### [Exercise description]
Count up the lines in the listing below that hold "close", and answer with the total alone.

Start of Input material

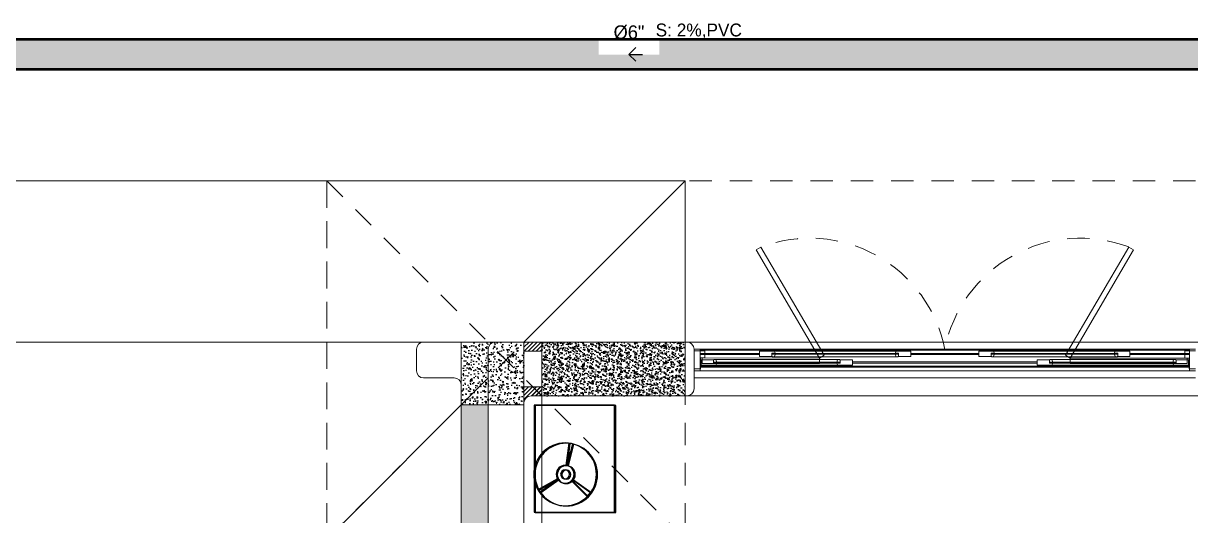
# Model space of a CAD drawing. Header units: metres. Extents: x -232 to 581, y 30 to 789.
# Drawn here: x 215.47 to 221.99, y 400.45 to 403.2 of the extents above; entities that cross this region are included whole.
import ezdxf

# ---------------------------------------------------------------- set-up
doc = ezdxf.new("R2010")
doc.units = ezdxf.units.M
doc.linetypes.add('CONTINU', pattern=[0])
doc.linetypes.add('HIDDEN2', pattern=[0.1875, 0.125, -0.0625])
for name, color, linetype, lineweight in [('A-DOOR', 35, 'Continuous', 5), ('A-WALL', 250, 'Continuous', 20), ('baños', 140, 'Continuous', 0), ('Columnas', 7, 'Continuous', 18), ('cristales', 131, 'Continuous', 0), ('PLF 01', 252, 'Continuous', 9)]:
    doc.layers.add(name, color=color, linetype=linetype, lineweight=lineweight)
for name, color, linetype in [('GEN-TEXTOS INFO', 7, 'Continuous'), ('HATCH', 8, 'Continuous'), ('MOBILIARIOS', 252, 'Continuous')]:
    doc.layers.add(name, color=color, linetype=linetype)
doc.layers.add('M-SY-PIPE-STANDARD-Drenaje Sanitario', color=7, linetype='Continuous', true_color=0x726558)
doc.layers.add('PISO', color=7, linetype='Continuous', lineweight=5, true_color=0xe6e6e6)
doc.layers.add('Techos 1', color=7, linetype='HIDDEN2', lineweight=9, true_color=0x42391a)
doc.layers.add('RELLENO SECCION', color=8, linetype='Continuous', lineweight=0, transparency=0.4)
doc.styles.add('DS-CAST-01', font='GOTHIC.TTF', dxfattribs={"height": 3})
doc.styles.add('SIST.-CAST-01', font='GOTHIC.TTF', dxfattribs={"height": 2})
doc.styles.get("Standard").update_dxf_attribs({"font": 'arial.ttf'})
pattern_1 = [(45, (189.627001, -7.248908), (-0.0112253202, 0.0112253202), [])]
pattern_2 = [(50, (109.59505, -7.243447), (0.058299094, -0.005100507), [0.006096, -0.067056]), (355, (109.59505, -7.24345), (-0.011277895, 0.06113819), [0.0048768, -0.053644987]), (100.451445, (109.59991, -7.24387), (0.0470212, 0.05603768), [0.005180803, -0.056988878]), (46.1842, (109.59505, -7.22719), (0.086745293, -0.013453545), [0.009144, -0.100584]), (96.63556, (109.60228, -7.22831), (0.07596932, 0.07917636), [0.00777121, -0.085483395]), (351.18415, (109.59505, -7.22719), (0.07596932, 0.07917636), [0.00731519, -0.080467114]), (21, (109.60318, -7.231255), (0.048516605, -0.032724863), [0.006096, -0.067056]), (326, (109.60318, -7.231255), (0.01977665, 0.05894015), [0.0048768, -0.0536448]), (71.451445, (109.607223, -7.23398), (0.068293254, 0.026215286), [0.005180803, -0.05698878]), (37.5, (109.595052, -7.243447), (0.000988353, 0.0270576124), [0, -0.05299456, 0, -0.0544576, 0, -0.053848]), (7.5, (109.595052, -7.243447), (0.021382292, 0.032057784), [0, -0.03104896, 0, -0.05177536, 0, -0.0205232]), (327.5, (109.576927, -7.243447), (0.0433889905, -0.001833198), [0, -0.02032, 0, -0.0633984, 0, -0.0841248]), (317.5, (109.5688, -7.243447), (0.047401338, 0.008136477), [0, -0.026416, 0, -0.04210304, 0, -0.0597408])]
pattern_3 = [(45, (109.595052, -7.243447), (-0.0112253202, 0.0112253202), [])]

# ---------------------------------------------------------------- blocks, each defined once
blk = doc.blocks.new('A$C8346a57b')
at = {"layer": 'MOBILIARIOS'}
for p, q in [((0.2641, 0.2604), (0.2338, 0.3817)), ((0.2701, 0.2615), (0.2545, 0.3855)), ((0.2356, 0.1828), (0.1339, 0.1102)), ((0.2409, 0.1765), (0.1525, 0.0881)), ((0.3169, 0.1828), (0.4187, 0.1102)), ((0.3197, 0.1871), (0.4282, 0.1251))]:
    blk.add_line(p, q, dxfattribs=at)
blk.add_lwpolyline([(0, 0.5983), (0.45, 0.5983), (0.45, 0), (0, 0)], close=True, dxfattribs=at)
for radius in [0.175, 0.05, 0.025]:
    blk.add_circle((0.2763, 0.2119), radius, dxfattribs=at)
blk = doc.blocks.new('A$C89702949')
at = {"layer": 'HATCH'}
h = blk.add_hatch(dxfattribs=at)
h.set_pattern_fill('AR-CONC', color=256, scale=0.00032)
h.set_pattern_definition([(50, (114.33107, 55.238796), (0.058299094, -0.005100507), [0.006096, -0.067056]), (355, (114.33107, 55.238796), (-0.011277895, 0.06113819), [0.0048768, -0.053644987]), (100.451445, (114.33593, 55.23837), (0.0470212, 0.05603768), [0.005180803, -0.056988878]), (46.1842, (114.33107, 55.25505), (0.086745293, -0.013453545), [0.009144, -0.100584]), (96.63556, (114.3383, 55.25393), (0.07596932, 0.07917636), [0.00777121, -0.085483395]), (351.18415, (114.33107, 55.25505), (0.07596932, 0.07917636), [0.00731519, -0.080467114]), (21, (114.3392, 55.25099), (0.048516605, -0.032724863), [0.006096, -0.067056]), (326, (114.3392, 55.25099), (0.01977665, 0.05894015), [0.0048768, -0.0536448]), (71.451445, (114.34324, 55.24826), (0.068293254, 0.026215286), [0.005180803, -0.05698878]), (37.5, (114.331071, 55.238796), (0.000988353, 0.0270576124), [0, -0.05299456, 0, -0.0544576, 0, -0.053848]), (7.5, (114.33107, 55.238796), (0.021382292, 0.032057784), [0, -0.03104896, 0, -0.05177536, 0, -0.0205232]), (327.5, (114.312946, 55.238796), (0.0433889905, -0.001833198), [0, -0.02032, 0, -0.0633984, 0, -0.0841248]), (317.5, (114.304818, 55.238796), (0.047401338, 0.008136477), [0, -0.026416, 0, -0.04210304, 0, -0.0597408])])
h.paths.add_polyline_path([(0, 19.9891), (0, 19.6891), (0.8, 19.6891), (0.8, 19.9891)])
at = {"layer": 'Columnas'}
blk.add_lwpolyline([(0, 19.9891), (0, 19.6891), (0.8, 19.6891), (0.8, 19.9891)], close=True, dxfattribs=at)
blk = doc.blocks.new('20.03.2026 LN 09 SEGUNDO NIVEL ARQ')
at = {"layer": 'PLF 01'}
h = blk.add_hatch(dxfattribs=at)
h.set_pattern_fill('LINE', color=5, scale=0.005, angle=45)
h.set_pattern_definition(pattern_1)
h.paths.add_polyline_path([(75.2959, -42.4986), (75.1959, -42.4986), (75.1959, -42.5486), (75.2959, -42.5486)])
h = blk.add_hatch(dxfattribs=at)
h.set_pattern_fill('LINE', color=5, scale=0.005, angle=45)
h.set_pattern_definition(pattern_1)
edge = h.paths.add_edge_path()
edge.add_line((75.2959, -42.7486), (75.1959, -42.7486))
edge.add_line((75.1959, -42.7486), (75.1959, -42.7386))
edge.add_line((75.1959, -42.7386), (75.1959, -42.8386))
edge.add_arc((75.2359, -42.8386), 0.04, 90, 180, ccw=False)
edge.add_line((75.2359, -42.7986), (75.2959, -42.7986))
edge.add_line((75.2959, -42.7986), (75.2959, -42.7486))
at = {"layer": 'A-DOOR', "color": 5}
for p, q in [((76.1059, -42.4986), (78.9859, -42.4986)), ((76.1459, -42.5386), (76.1799, -42.5386)), ((76.1459, -42.6586), (76.1459, -42.5386)), ((76.1799, -42.5386), (76.1799, -42.6586)), ((76.1799, -42.5386), (78.9119, -42.5386)), ((76.1799, -42.5446), (78.9119, -42.5446)), ((76.5119, -42.5511), (76.5134, -42.5496)), ((76.5119, -42.5781), (76.5119, -42.5511)), ((76.5134, -42.5496), (76.5941, -42.5496)), ((76.5974, -42.5606), (76.5799, -42.5606)), ((76.5799, -42.5606), (76.5799, -42.5781)), ((76.5941, -42.5496), (76.5959, -42.551)), ((77.2738, -42.5496), (76.5941, -42.5496)), ((76.5959, -42.551), (76.5979, -42.5591)), ((76.5979, -42.5601), (76.5974, -42.5606)), ((76.5979, -42.5591), (76.5979, -42.5601)), ((77.2719, -42.551), (77.2699, -42.5591)), ((77.2699, -42.5591), (77.2699, -42.5601)), ((77.2699, -42.5601), (77.2704, -42.5606)), ((77.2704, -42.5606), (77.2879, -42.5606)), ((77.2738, -42.5496), (77.2719, -42.551)), ((77.3544, -42.5496), (77.2738, -42.5496)), ((77.2879, -42.5606), (77.2879, -42.5781)), ((77.3559, -42.5511), (77.3544, -42.5496)), ((77.3559, -42.5781), (77.3559, -42.5511)), ((77.7359, -42.5511), (77.7374, -42.5496)), ((77.7359, -42.5781), (77.7359, -42.5511)), ((77.7374, -42.5496), (77.8181, -42.5496)), ((77.8214, -42.5606), (77.8039, -42.5606)), ((77.8039, -42.5606), (77.8039, -42.5781)), ((77.8181, -42.5496), (77.8199, -42.551)), ((77.8181, -42.5496), (78.4978, -42.5496)), ((77.8199, -42.551), (77.8219, -42.5591)), ((77.8219, -42.5601), (77.8214, -42.5606)), ((77.8219, -42.5591), (77.8219, -42.5601)), ((78.4959, -42.551), (78.4939, -42.5591)), ((78.4939, -42.5591), (78.4939, -42.5601)), ((78.4939, -42.5601), (78.4944, -42.5606)), ((78.4944, -42.5606), (78.5119, -42.5606)), ((78.4978, -42.5496), (78.4959, -42.551)), ((78.5784, -42.5496), (78.4978, -42.5496)), ((78.5119, -42.5606), (78.5119, -42.5781)), ((78.5799, -42.5511), (78.5784, -42.5496)), ((78.5799, -42.5781), (78.5799, -42.5511)), ((78.9119, -42.5386), (78.9459, -42.5386)), ((78.9119, -42.5386), (78.9119, -42.6586)), ((76.5119, -42.5616), (76.1799, -42.5616)), ((76.5119, -42.5676), (76.1799, -42.5676)), ((76.1874, -42.5976), (76.1859, -42.5991)), ((76.1859, -42.5991), (76.1859, -42.6261)), ((76.2524, -42.5976), (76.1874, -42.5976)), ((76.2539, -42.5991), (76.2524, -42.5976)), ((76.2539, -42.6166), (76.2539, -42.5991)), ((76.2539, -42.6136), (76.2589, -42.6136)), ((76.2539, -42.6136), (76.2589, -42.6136)), ((76.2714, -42.6166), (76.2539, -42.6166)), ((76.2589, -42.6156), (76.2649, -42.6116)), ((76.2589, -42.6116), (76.2649, -42.6156)), ((76.9487, -42.5966), (76.2672, -42.5966)), ((76.2699, -42.6261), (76.2719, -42.6181)), ((76.2719, -42.6171), (76.2714, -42.6166)), ((76.2719, -42.6181), (76.2719, -42.6171)), ((76.5134, -42.5796), (76.5119, -42.5781)), ((76.5784, -42.5796), (76.5134, -42.5796)), ((76.5799, -42.5781), (76.5784, -42.5796)), ((76.5799, -42.5636), (76.5849, -42.5636)), ((76.5799, -42.5636), (76.5849, -42.5636)), ((76.5849, -42.5616), (76.5909, -42.5656)), ((76.5849, -42.5656), (76.5909, -42.5616)), ((76.5932, -42.5806), (77.2747, -42.5806)), ((76.9439, -42.6171), (76.9444, -42.6166)), ((76.9439, -42.6181), (76.9439, -42.6171)), ((76.9459, -42.6261), (76.9439, -42.6181)), ((76.9444, -42.6166), (76.9619, -42.6166)), ((76.9569, -42.6156), (76.9509, -42.6116)), ((76.9569, -42.6116), (76.9509, -42.6156)), ((76.9619, -42.6136), (76.9569, -42.6136)), ((76.9619, -42.6136), (76.9569, -42.6136)), ((76.9619, -42.5991), (76.9634, -42.5976)), ((76.9619, -42.6166), (76.9619, -42.5991)), ((76.9634, -42.5976), (77.0284, -42.5976)), ((77.0299, -42.5991), (77.0284, -42.5976)), ((77.0299, -42.5991), (77.0299, -42.6261)), ((78.0619, -42.6096), (77.0299, -42.6096)), ((78.0619, -42.6156), (77.0299, -42.6156)), ((77.2829, -42.5616), (77.2769, -42.5656)), ((77.2829, -42.5656), (77.2769, -42.5616)), ((77.2879, -42.5636), (77.2829, -42.5636)), ((77.2879, -42.5636), (77.2829, -42.5636)), ((77.2879, -42.5781), (77.2894, -42.5796)), ((77.2894, -42.5796), (77.3544, -42.5796)), ((77.3544, -42.5796), (77.3559, -42.5781)), ((77.3559, -42.5616), (77.7359, -42.5616)), ((77.3559, -42.5676), (77.7359, -42.5676)), ((77.7374, -42.5796), (77.7359, -42.5781)), ((77.8024, -42.5796), (77.7374, -42.5796)), ((77.8039, -42.5781), (77.8024, -42.5796)), ((77.8039, -42.5636), (77.8089, -42.5636)), ((77.8039, -42.5636), (77.8089, -42.5636)), ((77.8089, -42.5616), (77.8149, -42.5656)), ((77.8089, -42.5656), (77.8149, -42.5616)), ((78.4987, -42.5806), (77.8172, -42.5806)), ((78.0619, -42.5991), (78.0634, -42.5976)), ((78.0619, -42.5991), (78.0619, -42.6261)), ((78.1284, -42.5976), (78.0634, -42.5976)), ((78.1299, -42.5991), (78.1284, -42.5976)), ((78.1299, -42.6166), (78.1299, -42.5991)), ((78.1299, -42.6136), (78.1349, -42.6136)), ((78.1299, -42.6136), (78.1349, -42.6136)), ((78.1474, -42.6166), (78.1299, -42.6166)), ((78.1349, -42.6156), (78.1409, -42.6116)), ((78.1349, -42.6116), (78.1409, -42.6156)), ((78.1432, -42.5966), (78.8247, -42.5966)), ((78.1459, -42.6261), (78.1479, -42.6181)), ((78.1479, -42.6171), (78.1474, -42.6166)), ((78.1479, -42.6181), (78.1479, -42.6171)), ((78.5069, -42.5616), (78.5009, -42.5656)), ((78.5069, -42.5656), (78.5009, -42.5616)), ((78.5119, -42.5636), (78.5069, -42.5636)), ((78.5119, -42.5636), (78.5069, -42.5636)), ((78.5119, -42.5781), (78.5134, -42.5796)), ((78.5134, -42.5796), (78.5784, -42.5796)), ((78.5784, -42.5796), (78.5799, -42.5781)), ((78.5799, -42.5616), (78.9119, -42.5616)), ((78.5799, -42.5676), (78.9119, -42.5676)), ((78.8199, -42.6171), (78.8204, -42.6166)), ((78.8199, -42.6181), (78.8199, -42.6171)), ((78.8219, -42.6261), (78.8199, -42.6181)), ((78.8204, -42.6166), (78.8379, -42.6166)), ((78.8329, -42.6156), (78.8269, -42.6116)), ((78.8329, -42.6116), (78.8269, -42.6156)), ((78.8379, -42.6136), (78.8329, -42.6136)), ((78.8379, -42.6136), (78.8329, -42.6136)), ((78.8379, -42.5991), (78.8394, -42.5976)), ((78.8379, -42.6166), (78.8379, -42.5991)), ((78.8394, -42.5976), (78.9044, -42.5976)), ((78.9044, -42.5976), (78.9059, -42.5991)), ((78.9059, -42.5991), (78.9059, -42.6261)), ((76.1459, -42.6586), (76.1799, -42.6586)), ((76.1799, -42.6326), (78.9119, -42.6326)), ((76.1799, -42.6386), (78.9119, -42.6386)), ((76.1799, -42.6586), (78.9119, -42.6586)), ((76.1859, -42.6261), (76.1874, -42.6276)), ((76.1874, -42.6276), (76.2681, -42.6276)), ((76.2681, -42.6276), (76.2699, -42.6261)), ((76.2681, -42.6276), (76.9478, -42.6276)), ((76.9478, -42.6276), (76.9459, -42.6261)), ((77.0284, -42.6276), (76.9478, -42.6276)), ((77.0299, -42.6261), (77.0284, -42.6276)), ((78.0619, -42.6261), (78.0634, -42.6276)), ((78.0634, -42.6276), (78.1441, -42.6276)), ((78.1441, -42.6276), (78.1459, -42.6261)), ((78.8238, -42.6276), (78.1441, -42.6276)), ((78.8238, -42.6276), (78.8219, -42.6261)), ((78.9044, -42.6276), (78.8238, -42.6276)), ((78.9059, -42.6261), (78.9044, -42.6276)), ((78.9119, -42.6586), (78.9459, -42.6586)), ((76.1459, -42.6986), (78.9459, -42.6986))]:
    blk.add_line(p, q, dxfattribs=at)
for points in [[(76.5974, -42.5606), (76.5854, -42.5606), (76.5854, -42.5616), (76.5974, -42.5616)], [(77.2704, -42.5606), (77.2824, -42.5606), (77.2824, -42.5616), (77.2704, -42.5616)], [(77.8214, -42.5606), (77.8094, -42.5606), (77.8094, -42.5616), (77.8214, -42.5616)], [(78.4944, -42.5606), (78.5064, -42.5606), (78.5064, -42.5616), (78.4944, -42.5616)], [(76.2539, -42.6136), (76.2589, -42.6136), (76.2589, -42.6136), (76.2539, -42.6136)], [(76.2589, -42.6156), (76.2649, -42.6156), (76.2649, -42.6116), (76.2589, -42.6116)], [(76.2589, -42.6116), (76.9569, -42.6116), (76.9569, -42.6156), (76.2589, -42.6156)], [(76.2589, -42.6156), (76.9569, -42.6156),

End of Input material

### [Answer to the exercise]
2